No prosecution over 'Gamergate' death threats despite confession - anigbrowl
http://www.businessinsider.com/gamergate-fbi-file-2017-2
======
brighteyes
> The man "understood that it was a federal crime to send a threatening
> communication to anyone and will never do it again," the FBI wrote.

Was his understanding correct? Is it in fact a federal crime to be mean and
threatening to someone online? I'm not sure where the line is drawn with
respect to protected speech, and the article takes more of a moral than a
legal or objective point of view.

> During those months, much of the video game world — which is massive —
> became obsessed with the idea that women might ruin the future of games by
> persuading game studios to abandon sexy female characters or tone down the
> default machismo of male characters.

This is simply false.
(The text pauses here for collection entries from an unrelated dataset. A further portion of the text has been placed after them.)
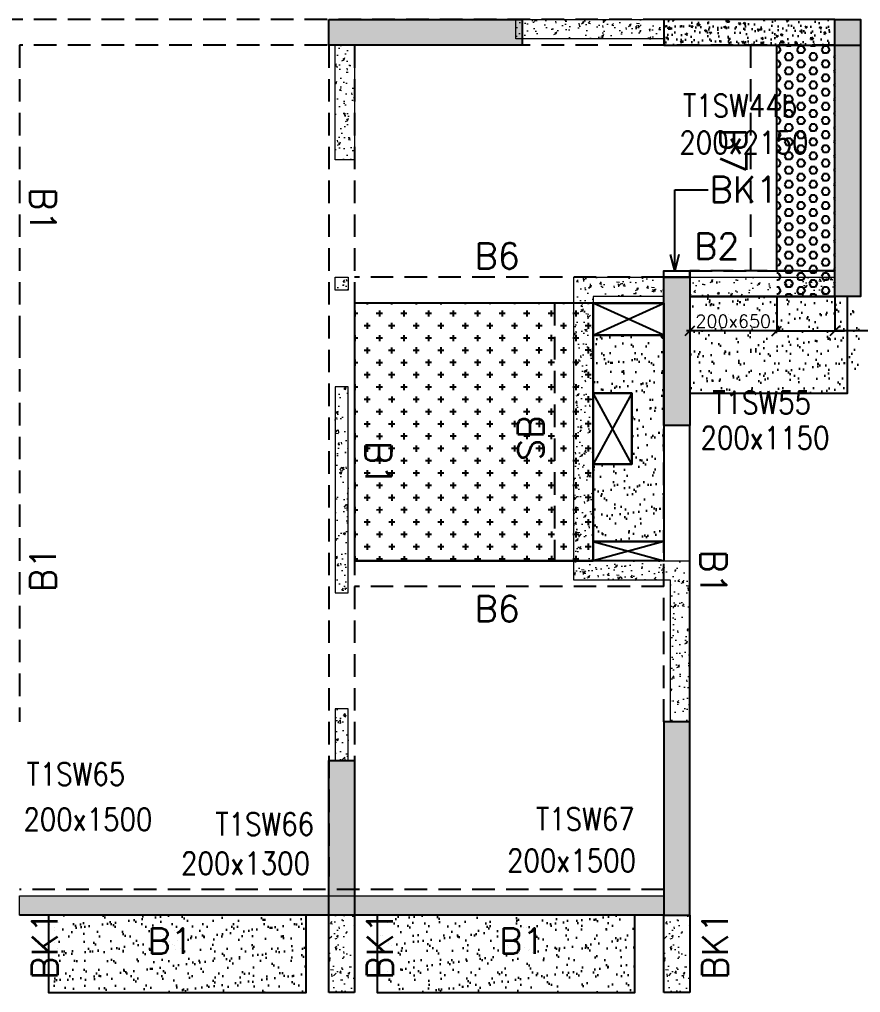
# Model space of a CAD drawing. Header units: millimetres. Extents: x 1078357 to 2594950, y -4969473 to -4636555.
# Drawn here: x 1934726 to 1941251, y -4669704 to -4662154 of the extents above; entities that cross this region are included whole.
import ezdxf

# ---------------------------------------------------------------- set-up
doc = ezdxf.new("R2010")
doc.units = ezdxf.units.MM
doc.header["$PDMODE"] = 35
for name, pattern in [('CONTINOUS', [0]), ('HIDDEN', [0.375, 0.25, -0.125]), ('New Retail block$0$CONTINOUS', [0])]:
    doc.linetypes.add(name, pattern=pattern)
doc.layers.get('0').update_dxf_attribs({"lineweight": 0})
doc.layers.get('Defpoints').update_dxf_attribs({"lineweight": 0})
for name, color, linetype, lineweight in [('A-_ANOTDIMA_D-', 6, 'Continuous', 13), ('COL. NO.', 30, 'Continuous', 25), ('COL. SIZE', 7, 'Continuous', 25), ('DIM', 9, 'Continuous', 25), ('HATCH', 8, 'Continuous', 30), ('RCC UPSTAND', 43, 'Continuous', 30), ('S-NON STR RCC WALL', 8, 'Continuous', 0)]:
    doc.layers.add(name, color=color, linetype=linetype, lineweight=lineweight)
for name, color, linetype in [('B-200x325', 201, 'HIDDEN'), ('B-200x375', 41, 'HIDDEN'), ('B-200x400', 44, 'HIDDEN'), ('B-200x650', 241, 'HIDDEN'), ('B-300xSLAB THK.', 151, 'Continuous'), ('BK1-200x650', 241, 'HIDDEN'), ('DC BEAM NO.', 7, 'Continuous'), ('DROP SLAB', 8, 'Continuous'), ('NON STR. RCC WALL', 6, 'Continuous'), ('S-COLUMN_SHEAR WALL', 1, 'Continuous'), ('S-PROJECTION', 54, 'New Retail block$0$CONTINOUS'), ('SLAB FOLD', 8, 'Continuous')]:
    doc.layers.add(name, color=color, linetype=linetype)
doc.styles.add('Roman', font='romans')
doc.styles.add('ROMANS', font='romans.shx', dxfattribs={"width": 0.85})
doc.dimstyles.new('HARESH', dxfattribs={"dimtxt": 150, "dimasz": 75, "dimexe": 0, "dimexo": 0, "dimgap": 25, "dimtad": 1, "dimdec": 0, "dimdsep": 46, "dimtxsty": 'Roman', "dimblk": 'OBLIQUE', "dimcen": 225, "dimdle": 25, "dimclrd": 2, "dimclre": 2, "dimclrt": 7, "dimadec": 8, "dimazin": 1, "dimtfac": 1, "dimtdec": 0, "dimtmove": 0, "dimatfit": 0, "dimfxl": 1, "dimlwd": -1, "dimlwe": -1, "dimarcsym": 0})
pattern_1 = [(50, (-4410069.28, 23210408.14), (182.184669, -15.9390855), [19.05, -209.55]), (355, (-4410069.28, 23210408.14), (-35.2434214, 191.0568452), [15.24, -167.6405842]), (100.4514447, (-4410054.1, 23210406.81), (146.9412471, 175.1177519), [16.1900088, -178.0902446]), (46.1842, (-4410069.28, 23210458.94), (271.0790409, -42.042328), [28.575, -314.325]), (96.6355576, (-4410046.7, 23210455.44), (237.404134, 247.4261246), [24.2850231, -267.1356082]), (351.1841512, (-4410069.28, 23210458.94), (237.404134, 247.4261246), [22.859967, -251.459732]), (21, (-4410043.88, 23210446.24), (151.6143913, -102.2651982), [19.05, -209.55]), (326, (-4410043.88, 23210446.24), (61.8020283, 184.1879661), [15.24, -167.64]), (71.451445, (-4410031.24, 23210437.72), (213.4164193, 81.9227689), [16.1900088, -178.0899376]), (37.5, (-4410069.28, 23210408.14), (3.08860325, 84.55503887), [0, -165.608, 0, -170.18, 0, -168.275]), (7.5, (-4410069.28, 23210408.14), (66.8196625, 100.18057482), [0, -97.028, 0, -161.798, 0, -64.135]), (327.5, (-4410125.92, 23210408.14), (135.59059517, -5.728744), [0, -63.5, 0, -198.12, 0, -262.89]), (317.5, (-4410151.32, 23210408.14), (148.1291814, 25.42649103), [0, -82.55, 0, -131.572, 0, -186.69])]

# ---------------------------------------------------------------- blocks, each defined once
blk = doc.blocks.new('_Oblique')
at = {"color": 0, "linetype": 'ByBlock', "lineweight": -2}
blk.add_line((-0.5, -0.5), (0.5, 0.5), dxfattribs=at)
blk = doc.blocks.new('*D1490')
at = {"layer": 'Defpoints', "color": 0, "ltscale": 700, "transparency": 16777216}
for p in [(1940601, -4664303.8, 0), (1941051, -4664303.8, 0), (1941051, -4664569.8)]:
    blk.add_point(p, dxfattribs=at)
at = {"layer": 'DIM', "color": 2, "ltscale": 700, "transparency": 16777216}
for p, q in [((1940601, -4664303.8), (1940601, -4664569.8)), ((1941051, -4664303.8), (1941051, -4664569.8)), ((1940601, -4664569.8), (1940526, -4664569.8)), ((1940601, -4664569.8), (1941051, -4664569.8)), ((1940601, -4664569.8), (1941051, -4664569.8)), ((1941051, -4664569.8), (1941126, -4664569.8)), ((1942007.2, -4664569.8), (1941051, -4664569.8))]:
    blk.add_line(p, q, dxfattribs=at)
at = {"layer": 'DIM', "color": 2, "ltscale": 700, "transparency": 16777216, "xscale": 75, "yscale": 75, "zscale": 75}
blk.add_blockref('_Oblique', (1940601, -4664569.8), dxfattribs=at)
at = {"layer": 'DIM', "color": 2, "ltscale": 700, "transparency": 16777216, "xscale": 75, "yscale": 75, "zscale": 75, "rotation": 180}
blk.add_blockref('_Oblique', (1941051, -4664569.8), dxfattribs=at)
at = {"layer": 'DIM', "color": 7, "ltscale": 700, "transparency": 16777216, "insert": (1941670.3, -4664494.8), "char_height": 150, "attachment_point": 5, "style": 'Roman'}
blk.add_mtext('{\\H0.666667x;200x400}', dxfattribs=at)
blk = doc.blocks.new('*D1491')
at = {"layer": 'Defpoints', "color": 0, "ltscale": 700, "transparency": 16777216}
for p in [(1939926, -4664303.8, 0), (1940601, -4664303.8), (1939926, -4664569.8)]:
    blk.add_point(p, dxfattribs=at)
at = {"layer": 'DIM', "color": 2, "ltscale": 700, "transparency": 16777216}
for p, q in [((1939926, -4664303.8), (1939926, -4664569.8)), ((1940601, -4664303.8), (1940601, -4664569.8)), ((1940626, -4664569.8), (1939901, -4664569.8))]:
    blk.add_line(p, q, dxfattribs=at)
at = {"layer": 'DIM', "color": 2, "ltscale": 700, "transparency": 16777216, "xscale": 75, "yscale": 75, "zscale": 75, "rotation": 180}
blk.add_blockref('_Oblique', (1939926, -4664569.8), dxfattribs=at)
at = {"layer": 'DIM', "color": 2, "ltscale": 700, "transparency": 16777216, "xscale": 75, "yscale": 75, "zscale": 75}
blk.add_blockref('_Oblique', (1940601, -4664569.8), dxfattribs=at)
at = {"layer": 'DIM', "color": 7, "ltscale": 700, "transparency": 16777216, "insert": (1940263.5, -4664494.8), "char_height": 150, "attachment_point": 5, "style": 'Roman'}
blk.add_mtext('{\\H0.666667x;200x650}', dxfattribs=at)
blk = doc.blocks.new('G$CD63B60BD')
at = {"layer": 'COL. NO.', "linetype": 'Continuous', "style": 'ROMANS', "width": 0.85}
for s, p in [('T1SW44b', (10548.3, 6194.4, 0)), ('T1SW55', (10776.3, 3890, -320.4)), ('T1SW65', (5455.6, 1007.6, -320.4)), ('T1SW67', (9407.6, 658.7, -320.4)), ('T1SW66', (6920.6, 619.5, -320.4))]:
    blk.add_text(s, height=175, dxfattribs=at).set_placement(p)
at = {"layer": 'COL. SIZE', "linetype": 'Continuous', "style": 'ROMANS', "width": 0.85}
for s, p in [('200x2150', (10519.3, 5907.3, -2.7)), ('200x1150', (10683.5, 3616.4, -320.4)), ('200x1500', (5430.6, 656.4, -320.4)), ('200x1300', (6653.5, 314.9, -320.4)), ('200x1500', (9182.7, 336.9, -320.4))]:
    blk.add_text(s, height=175, dxfattribs=at).set_placement(p)

msp = doc.modelspace()

# ---------------------------------------------------------------- hatches: boundary and pattern name
at = {"layer": 'DROP SLAB'}
h = msp.add_hatch(dxfattribs=at)
h.set_pattern_fill('CROSS', color=8, scale=15, angle=0.03079)
h.set_pattern_definition([(180.03079016, (-11210112.97, 51540675.29), (-95.19879988, -95.30117261), [47.625, -142.875]), (270.03079016, (-11210136.79, 51540699.09), (95.30117261, -95.19879988), [47.625, -142.875])])
h.paths.add_polyline_path([(1939176.2, -4664353.8), (1937326.2, -4664353.8), (1937326.2, -4666353.6), (1939176.2, -4666353.6)])
at = {"layer": 'HATCH'}
h = msp.add_hatch(dxfattribs=at)
h.set_pattern_fill('AR-SAND', color=8, scale=3, angle=179.97015)
h.set_pattern_definition([(37.4701541, (-2008131.83, 14018385.61), (-4.72361136, 146.8264517), [0, -115.824, 0, -129.54, 0, -123.825]), (7.4701541, (-2008131.83, 14018385.6), (134.9689868, 214.9772528), [0, -62.484, 0, -104.394, 0, -40.005]), (327.4701541, (-2008225.56, 14018385.66), (237.2979035, 0.3075449), [0, -38.1, 0, -137.16, 0, -179.07]), (317.4701541, (-2008225.56, 14018385.66), (229.1017424, 66.759465), [0, -19.05, 0, -89.916, 0, -102.87])])
h.paths.add_polyline_path([(1941251.4, -4664303.8), (1939926.4, -4664303.8), (1939926.4, -4664903.8), (1941251.4, -4664903.8)])
h = msp.add_hatch(dxfattribs=at)
h.set_pattern_fill('AR-SAND', color=8, scale=3, angle=179.97015)
h.set_pattern_definition([(37.4701541, (-2008131.74, 14018385.61), (-4.72361136, 146.8264517), [0, -115.824, 0, -129.54, 0, -123.825]), (7.4701541, (-2008131.74, 14018385.6), (134.9689868, 214.9772528), [0, -62.484, 0, -104.394, 0, -40.005]), (327.4701541, (-2008225.47, 14018385.66), (237.2979035, 0.3075449), [0, -38.1, 0, -137.16, 0, -179.07]), (317.4701541, (-2008225.47, 14018385.66), (229.1017424, 66.759465), [0, -19.05, 0, -89.916, 0, -102.87])])
h.paths.add_polyline_path([(1941151.2, -4664303.8), (1939926.5, -4664303.8), (1939926.5, -4665053.8), (1941151.2, -4665053.8)])
h = msp.add_hatch(dxfattribs=at)
h.set_pattern_fill('AR-SAND', color=8, scale=3, angle=359.97015)
h.set_pattern_definition([(37.47015413, (-3082657, 18702404.82), (-4.72361136, 146.8264517), [0, -115.824, 0, -129.54, 0, -123.825]), (7.4701541, (-3082657, 18702404.82), (134.9689868, 214.9772528), [0, -62.484, 0, -104.394, 0, -40.005]), (327.4701541, (-3082750.72, 18702404.87), (237.2979035, 0.3075449), [0, -38.1, 0, -137.16, 0, -179.07]), (317.4701541, (-3082750.72, 18702404.87), (229.1017424, 66.759465), [0, -19.05, 0, -89.916, 0, -102.87])])
h.paths.add_polyline_path([(1939726.2, -4666203.8), (1939176.2, -4666203.8), (1939176.2, -4665603.8), (1939476.1, -4665603.8), (1939476.1, -4665053.8), (1939176.2, -4665053.8), (1939176.2, -4664603.8), (1939726.1, -4664603.8)])
h = msp.add_hatch(dxfattribs=at)
h.set_pattern_fill('AR-SAND', color=8, scale=3, angle=179.97015)
h.set_pattern_definition([(37.47015413, (-3090981.55, 18702404.81), (-4.72361136, 146.8264517), [0, -115.824, 0, -129.54, 0, -123.825]), (7.4701541, (-3090981.55, 18702404.8), (134.9689868, 214.9772528), [0, -62.484, 0, -104.394, 0, -40.005]), (327.4701541, (-3091075.27, 18702404.86), (237.2979035, 0.3075449), [0, -38.1, 0, -137.16, 0, -179.07]), (317.4701541, (-3091075.27, 18702404.86), (229.1017424, 66.759465), [0, -19.05, 0, -89.916, 0, -102.87])])
h.paths.add_polyline_path([(1936951.4, -4669103.8), (1934951.4, -4669103.8), (1934951.4, -4669703.8), (1936951.4, -4669703.8)])
h = msp.add_hatch(dxfattribs=at)
h.set_pattern_fill('AR-SAND', color=8, scale=3, angle=179.97015)
h.set_pattern_definition([(37.47015413, (-3093531.55, 18702404.81), (-4.72361136, 146.8264517), [0, -115.824, 0, -129.54, 0, -123.825]), (7.4701541, (-3093531.55, 18702404.8), (134.9689868, 214.9772528), [0, -62.484, 0, -104.394, 0, -40.005]), (327.4701541, (-3093625.27, 18702404.86), (237.2979035, 0.3075449), [0, -38.1, 0, -137.16, 0, -179.07]), (317.4701541, (-3093625.27, 18702404.86), (229.1017424, 66.759465), [0, -19.05, 0, -89.916, 0, -102.87])])
h.paths.add_polyline_path([(1939501.4, -4669103.8), (1937501.4, -4669103.8), (1937501.4, -4669703.8), (1939501.4, -4669703.8)])
at = {"layer": 'RCC UPSTAND'}
h = msp.add_hatch(dxfattribs=at)
h.set_pattern_fill('AR-CONC', color=8, scale=20, angle=270)
h.set_pattern_definition([(320, (5151647.08, -2125511.08), (-12.550427, -143.4520365), [15, -165]), (265, (5151647.08, -2125511.08), (150.438427, 27.7502667), [12, -132]), (10.4514445, (5151646.03, -2125523.03), (137.887998, -115.7017693), [12.7480384, -140.2284224]), (316.1842, (5151687.08, -2125511.08), (-33.103856, -213.448266), [22.5, -247.5]), (6.6356355, (5151684.32, -2125528.86), (194.82372, -186.932389), [19.122068, -210.342752]), (261.184164, (5151687.08, -2125511.08), (194.82372, -186.932389), [18, -198]), (291, (5151677.08, -2125531.08), (-80.523778, -119.3814104), [15, -165]), (236, (5151677.08, -2125531.08), (145.030009, -48.6630664), [12, -132]), (341.4514447, (5151670.37, -2125541.03), (64.5062306, -168.0444753), [12.748038, -140.2284224]), (307.5, (5151647.076, -2125511.077), (66.57877077, -2.43197106), [0, -130.4, 0, -134, 0, -132.5]), (277.5, (5151647.076, -2125511.08), (78.8823424, -52.6139075), [0, -76.4, 0, -127.4, 0, -50.5]), (237.5, (5151647.076, -2125466.477), (-4.51097435, -106.7644872), [0, -50, 0, -156, 0, -207]), (227.5, (5151647.08, -2125446.48), (20.0209965, -116.6372339), [0, -65, 0, -103.6, 0, -147])])
h.paths.add_polyline_path([(1941051.2, -4662154.3), (1939726.2, -4662154), (1939726.2, -4662353.5), (1941051.2, -4662353.7)])
at = {"layer": 'S-COLUMN_SHEAR WALL', "lineweight": 25}
h = msp.add_hatch(color=1, dxfattribs=at)
h.dxf.hatch_style = 1
h.paths.add_polyline_path([(1937126.2, -4662153.8), (1938626.2, -4662153.8), (1938626.2, -4662353.8), (1937126.2, -4662353.8)])
h = msp.add_hatch(color=1, dxfattribs=at)
h.dxf.hatch_style = 1
h.paths.add_polyline_path([(1941051.2, -4662153.8), (1941251.2, -4662153.8), (1941251.2, -4664303.8), (1941051.2, -4664303.8)])
at = {"layer": 'S-COLUMN_SHEAR WALL', "lineweight": 25, "extrusion": (-1.00316e-06, -1.91639e-11, 1)}
h = msp.add_hatch(color=1, dxfattribs=at)
h.dxf.hatch_style = 1
h.paths.add_polyline_path([(1939726.2, -4664153.8), (1939926.2, -4664153.8), (1939926.2, -4665303.8), (1939726.2, -4665303.8)])
h = msp.add_hatch(color=1, dxfattribs=at)
h.dxf.hatch_style = 1
h.paths.add_polyline_path([(1939726.2, -4669103.8), (1939926.2, -4669103.8), (1939926.2, -4667603.8), (1939726.2, -4667603.8)])
at = {"layer": 'S-COLUMN_SHEAR WALL', "lineweight": 25}
h = msp.add_hatch(color=1, dxfattribs=at)
h.dxf.hatch_style = 1
h.paths.add_polyline_path([(1937326.2, -4667903.8), (1937326.2, -4669103.8), (1937126.2, -4669103.8), (1937126.2, -4667903.8)])
at = {"layer": 'S-NON STR RCC WALL'}
h = msp.add_hatch(dxfattribs=at)
h.set_pattern_fill('AR-CONC', color=256, angle=180)
h.set_pattern_definition([(50, (-4417134.02, 23210408.13), (182.184669, -15.9390855), [19.05, -209.55]), (355, (-4417134.02, 23210408.13), (-35.2434214, 191.0568452), [15.24, -167.6405842]), (100.4514447, (-4417118.84, 23210406.8), (146.9412471, 175.1177519), [16.1900088, -178.0902446]), (46.1842, (-4417134.02, 23210458.93), (271.0790409, -42.042328), [28.575, -314.325]), (96.6355576, (-4417111.43, 23210455.43), (237.404134, 247.4261246), [24.2850231, -267.1356082]), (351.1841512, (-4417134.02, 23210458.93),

Yes, the video game world is massive, but the part that
discussed gamergate and women in games is very, very small. Most people that
play video games have never heard of gamergate, most of the rest have no
problem with women in games (in fact, many of those players are women
themselves).

The author of the article is living in a bubble. But to its credit, the
article does admit

> It is difficult to estimate just how big the Gamergate movement really was
> [..] 10,000 users discussed Gamergate on Reddit.

That's probably the best estimate. So 10,000 out of many, many millions.

The article dismisses the alternative narrative of "the authorities
investigated and concluded no crimes were committed, thus showing that the
concern about gamergate was largely unwarranted," but that seems more
accurate.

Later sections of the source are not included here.